> _Data for analysis_:
┄┄┄┄┄┄┄┄┄┄

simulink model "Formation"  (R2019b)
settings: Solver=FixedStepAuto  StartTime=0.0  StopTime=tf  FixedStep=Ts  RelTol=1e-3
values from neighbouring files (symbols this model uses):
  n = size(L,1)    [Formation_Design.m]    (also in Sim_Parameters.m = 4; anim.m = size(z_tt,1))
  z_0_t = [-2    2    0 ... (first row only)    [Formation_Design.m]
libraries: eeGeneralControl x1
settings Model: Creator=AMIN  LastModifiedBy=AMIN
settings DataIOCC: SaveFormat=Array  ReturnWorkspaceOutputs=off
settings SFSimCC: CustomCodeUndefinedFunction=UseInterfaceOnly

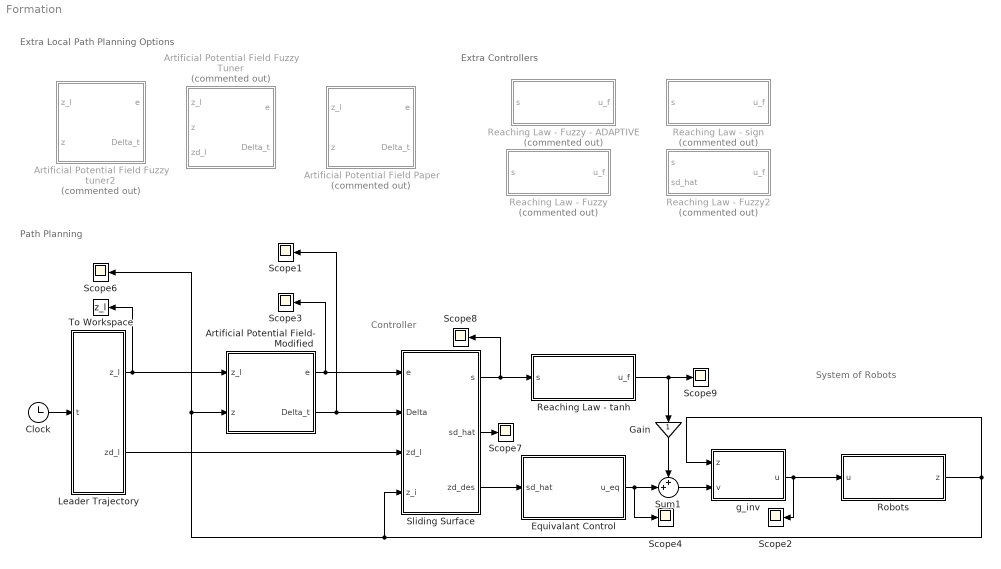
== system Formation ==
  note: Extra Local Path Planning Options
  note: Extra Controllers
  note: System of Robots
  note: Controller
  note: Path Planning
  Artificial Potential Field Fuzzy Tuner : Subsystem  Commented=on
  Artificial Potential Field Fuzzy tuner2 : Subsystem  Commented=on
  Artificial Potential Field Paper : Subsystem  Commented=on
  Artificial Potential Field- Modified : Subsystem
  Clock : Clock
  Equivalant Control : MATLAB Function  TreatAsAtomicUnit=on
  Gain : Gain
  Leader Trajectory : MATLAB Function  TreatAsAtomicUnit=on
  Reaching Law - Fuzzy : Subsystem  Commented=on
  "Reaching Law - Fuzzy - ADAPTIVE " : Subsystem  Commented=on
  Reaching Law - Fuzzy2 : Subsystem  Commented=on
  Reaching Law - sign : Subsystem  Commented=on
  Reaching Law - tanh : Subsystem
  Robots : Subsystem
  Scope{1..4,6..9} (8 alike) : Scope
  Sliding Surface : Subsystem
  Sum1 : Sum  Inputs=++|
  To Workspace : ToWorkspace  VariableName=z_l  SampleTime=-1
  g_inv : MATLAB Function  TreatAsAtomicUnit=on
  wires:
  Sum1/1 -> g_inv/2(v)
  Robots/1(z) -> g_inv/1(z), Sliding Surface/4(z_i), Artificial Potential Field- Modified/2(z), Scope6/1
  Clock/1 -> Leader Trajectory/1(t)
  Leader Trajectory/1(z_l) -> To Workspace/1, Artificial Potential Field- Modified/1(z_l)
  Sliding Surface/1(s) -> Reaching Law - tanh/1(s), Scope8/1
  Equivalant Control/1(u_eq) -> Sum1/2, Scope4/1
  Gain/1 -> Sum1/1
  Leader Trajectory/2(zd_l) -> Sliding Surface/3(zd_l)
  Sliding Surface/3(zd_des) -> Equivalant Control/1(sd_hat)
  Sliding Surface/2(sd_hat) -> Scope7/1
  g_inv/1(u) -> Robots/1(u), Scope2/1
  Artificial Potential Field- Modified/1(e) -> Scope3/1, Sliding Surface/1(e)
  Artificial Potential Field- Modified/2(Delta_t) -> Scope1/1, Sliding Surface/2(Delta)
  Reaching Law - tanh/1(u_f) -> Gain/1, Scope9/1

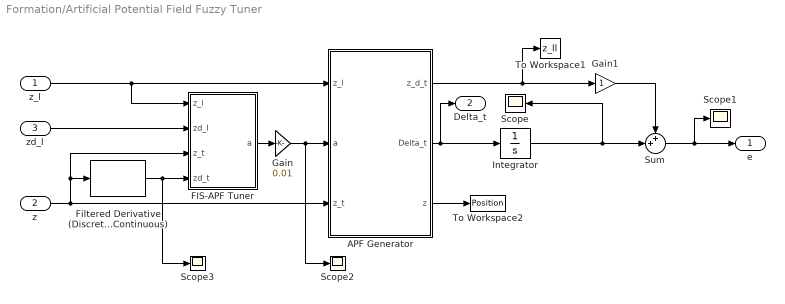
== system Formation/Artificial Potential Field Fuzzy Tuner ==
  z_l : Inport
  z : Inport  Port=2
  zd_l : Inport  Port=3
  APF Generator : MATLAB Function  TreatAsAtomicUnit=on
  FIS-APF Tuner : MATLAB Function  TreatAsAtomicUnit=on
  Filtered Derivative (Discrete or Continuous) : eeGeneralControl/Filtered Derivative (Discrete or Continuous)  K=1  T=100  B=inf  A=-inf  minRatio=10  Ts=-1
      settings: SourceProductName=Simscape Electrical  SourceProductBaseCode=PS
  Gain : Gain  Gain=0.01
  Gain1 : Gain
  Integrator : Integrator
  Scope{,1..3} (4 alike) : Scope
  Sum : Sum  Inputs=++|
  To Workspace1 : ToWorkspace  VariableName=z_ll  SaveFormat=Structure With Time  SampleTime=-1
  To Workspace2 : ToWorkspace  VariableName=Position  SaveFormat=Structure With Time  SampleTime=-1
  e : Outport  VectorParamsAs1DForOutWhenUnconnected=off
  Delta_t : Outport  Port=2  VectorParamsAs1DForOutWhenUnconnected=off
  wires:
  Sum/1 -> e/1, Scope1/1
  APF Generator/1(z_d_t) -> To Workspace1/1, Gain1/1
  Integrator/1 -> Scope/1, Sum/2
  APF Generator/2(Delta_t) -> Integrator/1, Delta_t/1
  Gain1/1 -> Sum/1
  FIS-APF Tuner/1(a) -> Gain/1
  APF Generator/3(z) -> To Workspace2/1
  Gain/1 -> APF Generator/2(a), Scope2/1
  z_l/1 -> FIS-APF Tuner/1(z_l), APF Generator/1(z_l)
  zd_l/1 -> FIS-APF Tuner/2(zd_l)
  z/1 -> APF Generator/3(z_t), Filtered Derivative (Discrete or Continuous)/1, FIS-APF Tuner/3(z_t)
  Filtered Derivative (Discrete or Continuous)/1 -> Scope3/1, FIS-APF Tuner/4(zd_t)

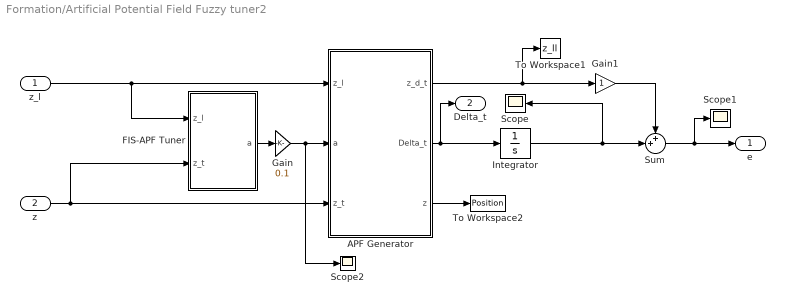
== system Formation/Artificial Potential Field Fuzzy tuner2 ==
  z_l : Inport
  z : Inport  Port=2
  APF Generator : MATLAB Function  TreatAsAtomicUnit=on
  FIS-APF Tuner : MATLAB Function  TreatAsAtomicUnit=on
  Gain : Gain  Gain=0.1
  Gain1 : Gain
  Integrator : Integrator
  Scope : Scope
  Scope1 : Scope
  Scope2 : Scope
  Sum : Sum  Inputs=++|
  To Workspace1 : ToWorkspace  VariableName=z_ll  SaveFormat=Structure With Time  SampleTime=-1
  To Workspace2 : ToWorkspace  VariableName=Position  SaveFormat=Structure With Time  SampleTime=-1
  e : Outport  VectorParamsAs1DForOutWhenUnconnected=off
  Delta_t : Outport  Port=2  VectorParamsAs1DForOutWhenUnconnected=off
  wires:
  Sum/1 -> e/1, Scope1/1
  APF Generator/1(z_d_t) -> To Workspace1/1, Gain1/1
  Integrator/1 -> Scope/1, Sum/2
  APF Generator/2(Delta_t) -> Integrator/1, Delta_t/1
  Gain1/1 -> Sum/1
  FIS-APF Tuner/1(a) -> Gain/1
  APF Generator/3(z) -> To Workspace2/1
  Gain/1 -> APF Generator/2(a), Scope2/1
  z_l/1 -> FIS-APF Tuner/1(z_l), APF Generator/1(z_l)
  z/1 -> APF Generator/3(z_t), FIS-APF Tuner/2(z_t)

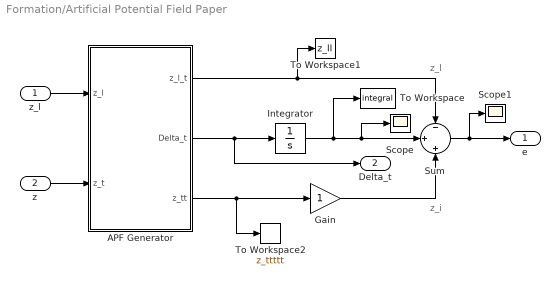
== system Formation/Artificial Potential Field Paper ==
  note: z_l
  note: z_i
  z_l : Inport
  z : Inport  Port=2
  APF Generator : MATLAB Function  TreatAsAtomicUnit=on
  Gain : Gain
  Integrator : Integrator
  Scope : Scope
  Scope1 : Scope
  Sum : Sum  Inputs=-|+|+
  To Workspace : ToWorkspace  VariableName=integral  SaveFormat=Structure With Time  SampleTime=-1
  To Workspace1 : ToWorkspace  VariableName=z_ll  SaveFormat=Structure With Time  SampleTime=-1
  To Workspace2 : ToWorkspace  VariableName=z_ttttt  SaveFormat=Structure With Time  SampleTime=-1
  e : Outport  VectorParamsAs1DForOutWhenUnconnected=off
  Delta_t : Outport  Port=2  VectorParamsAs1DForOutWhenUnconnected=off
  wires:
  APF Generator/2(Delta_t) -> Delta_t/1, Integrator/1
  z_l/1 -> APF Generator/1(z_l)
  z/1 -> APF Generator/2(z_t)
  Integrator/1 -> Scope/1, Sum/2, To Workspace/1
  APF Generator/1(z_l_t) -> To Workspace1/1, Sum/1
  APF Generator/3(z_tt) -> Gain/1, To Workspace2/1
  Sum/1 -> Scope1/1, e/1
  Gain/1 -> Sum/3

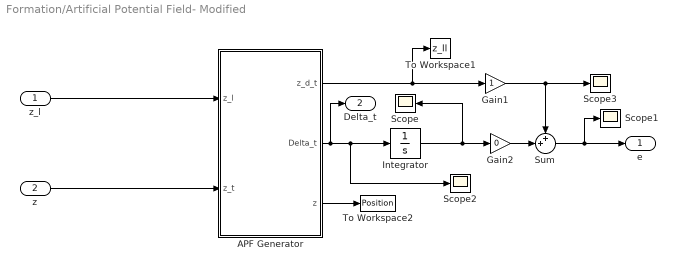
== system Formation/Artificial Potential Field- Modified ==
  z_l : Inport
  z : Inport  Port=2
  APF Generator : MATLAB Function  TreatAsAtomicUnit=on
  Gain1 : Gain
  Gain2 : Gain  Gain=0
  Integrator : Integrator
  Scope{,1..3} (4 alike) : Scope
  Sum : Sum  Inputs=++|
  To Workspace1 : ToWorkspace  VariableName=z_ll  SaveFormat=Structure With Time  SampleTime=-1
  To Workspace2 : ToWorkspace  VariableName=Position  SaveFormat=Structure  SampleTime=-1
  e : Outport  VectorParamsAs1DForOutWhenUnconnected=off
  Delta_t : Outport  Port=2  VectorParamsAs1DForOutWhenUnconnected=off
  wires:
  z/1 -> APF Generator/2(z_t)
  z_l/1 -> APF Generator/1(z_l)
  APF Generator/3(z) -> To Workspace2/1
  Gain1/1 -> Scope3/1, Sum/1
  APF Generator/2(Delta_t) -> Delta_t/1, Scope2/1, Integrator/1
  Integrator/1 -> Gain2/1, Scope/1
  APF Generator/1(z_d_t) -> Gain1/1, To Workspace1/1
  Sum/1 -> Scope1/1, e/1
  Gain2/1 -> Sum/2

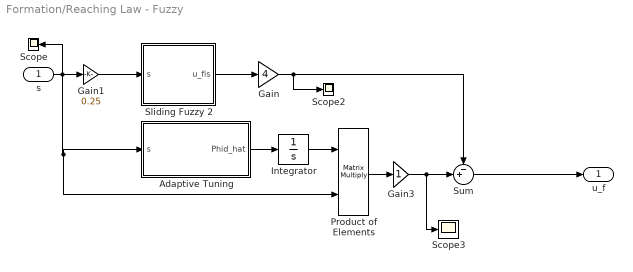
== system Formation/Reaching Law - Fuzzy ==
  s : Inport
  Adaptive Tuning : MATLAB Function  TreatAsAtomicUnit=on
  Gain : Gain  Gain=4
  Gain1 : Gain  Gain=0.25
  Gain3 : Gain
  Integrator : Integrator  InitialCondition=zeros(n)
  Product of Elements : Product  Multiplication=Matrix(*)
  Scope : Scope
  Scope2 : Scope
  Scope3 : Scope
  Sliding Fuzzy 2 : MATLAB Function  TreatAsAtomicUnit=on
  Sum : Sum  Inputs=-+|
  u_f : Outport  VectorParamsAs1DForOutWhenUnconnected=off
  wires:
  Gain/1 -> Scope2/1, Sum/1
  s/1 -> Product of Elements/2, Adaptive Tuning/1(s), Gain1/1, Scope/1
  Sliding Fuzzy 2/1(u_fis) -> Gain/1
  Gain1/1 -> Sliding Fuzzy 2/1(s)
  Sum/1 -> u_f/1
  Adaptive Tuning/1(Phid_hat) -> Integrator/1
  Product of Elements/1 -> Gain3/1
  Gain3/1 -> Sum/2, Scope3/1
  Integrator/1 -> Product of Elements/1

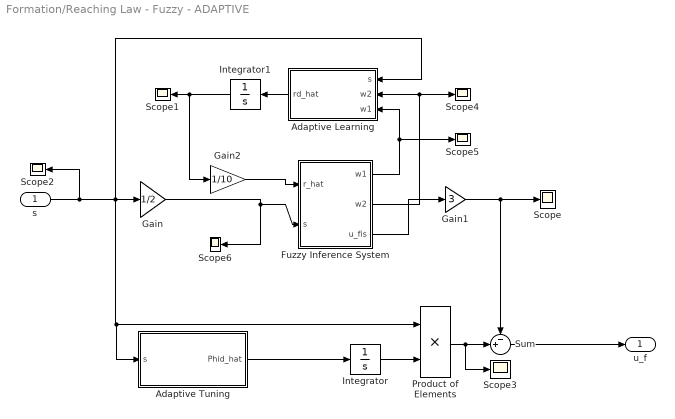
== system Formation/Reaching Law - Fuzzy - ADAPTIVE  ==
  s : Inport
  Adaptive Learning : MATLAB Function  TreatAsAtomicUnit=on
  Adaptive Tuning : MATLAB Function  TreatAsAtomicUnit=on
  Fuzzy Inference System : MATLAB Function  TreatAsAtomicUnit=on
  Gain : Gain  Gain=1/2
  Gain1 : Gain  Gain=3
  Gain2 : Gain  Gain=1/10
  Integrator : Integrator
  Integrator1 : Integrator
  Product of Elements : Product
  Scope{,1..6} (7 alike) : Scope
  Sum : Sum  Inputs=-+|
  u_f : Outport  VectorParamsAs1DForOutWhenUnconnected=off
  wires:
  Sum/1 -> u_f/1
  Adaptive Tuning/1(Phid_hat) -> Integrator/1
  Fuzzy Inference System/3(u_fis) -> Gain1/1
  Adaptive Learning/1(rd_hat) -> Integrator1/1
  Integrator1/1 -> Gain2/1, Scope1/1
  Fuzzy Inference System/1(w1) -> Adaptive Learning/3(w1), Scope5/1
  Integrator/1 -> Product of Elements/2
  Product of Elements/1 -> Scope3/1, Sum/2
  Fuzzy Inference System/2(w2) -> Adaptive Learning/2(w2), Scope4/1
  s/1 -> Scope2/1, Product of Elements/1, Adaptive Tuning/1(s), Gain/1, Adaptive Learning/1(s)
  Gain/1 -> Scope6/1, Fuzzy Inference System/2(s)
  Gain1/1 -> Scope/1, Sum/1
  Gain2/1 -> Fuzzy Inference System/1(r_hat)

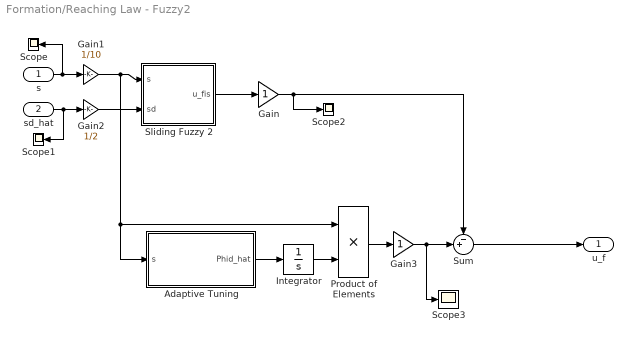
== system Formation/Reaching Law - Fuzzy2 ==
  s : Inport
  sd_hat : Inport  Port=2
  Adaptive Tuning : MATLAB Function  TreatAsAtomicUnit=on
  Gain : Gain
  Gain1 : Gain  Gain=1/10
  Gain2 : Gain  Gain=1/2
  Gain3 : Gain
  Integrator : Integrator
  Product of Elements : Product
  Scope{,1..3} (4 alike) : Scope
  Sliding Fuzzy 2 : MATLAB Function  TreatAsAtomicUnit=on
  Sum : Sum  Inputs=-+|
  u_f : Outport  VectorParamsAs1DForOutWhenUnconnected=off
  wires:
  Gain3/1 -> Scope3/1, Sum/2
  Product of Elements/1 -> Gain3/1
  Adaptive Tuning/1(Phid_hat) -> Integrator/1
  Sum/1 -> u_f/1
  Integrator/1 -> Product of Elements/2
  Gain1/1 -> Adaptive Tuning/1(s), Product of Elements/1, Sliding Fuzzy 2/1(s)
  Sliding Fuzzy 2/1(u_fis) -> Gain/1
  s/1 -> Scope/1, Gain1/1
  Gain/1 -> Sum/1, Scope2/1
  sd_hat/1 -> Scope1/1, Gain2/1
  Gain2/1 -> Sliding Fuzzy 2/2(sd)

┄┄┄┄┄┄┄┄┄┄

> _Task to carry out_: Look through the entries above and find each line where the word "Paper" occurs; copy those lines.

> _Solution below_:
  Artificial Potential Field Paper : Subsystem  Commented=on
== system Formation/Artificial Potential Field Paper ==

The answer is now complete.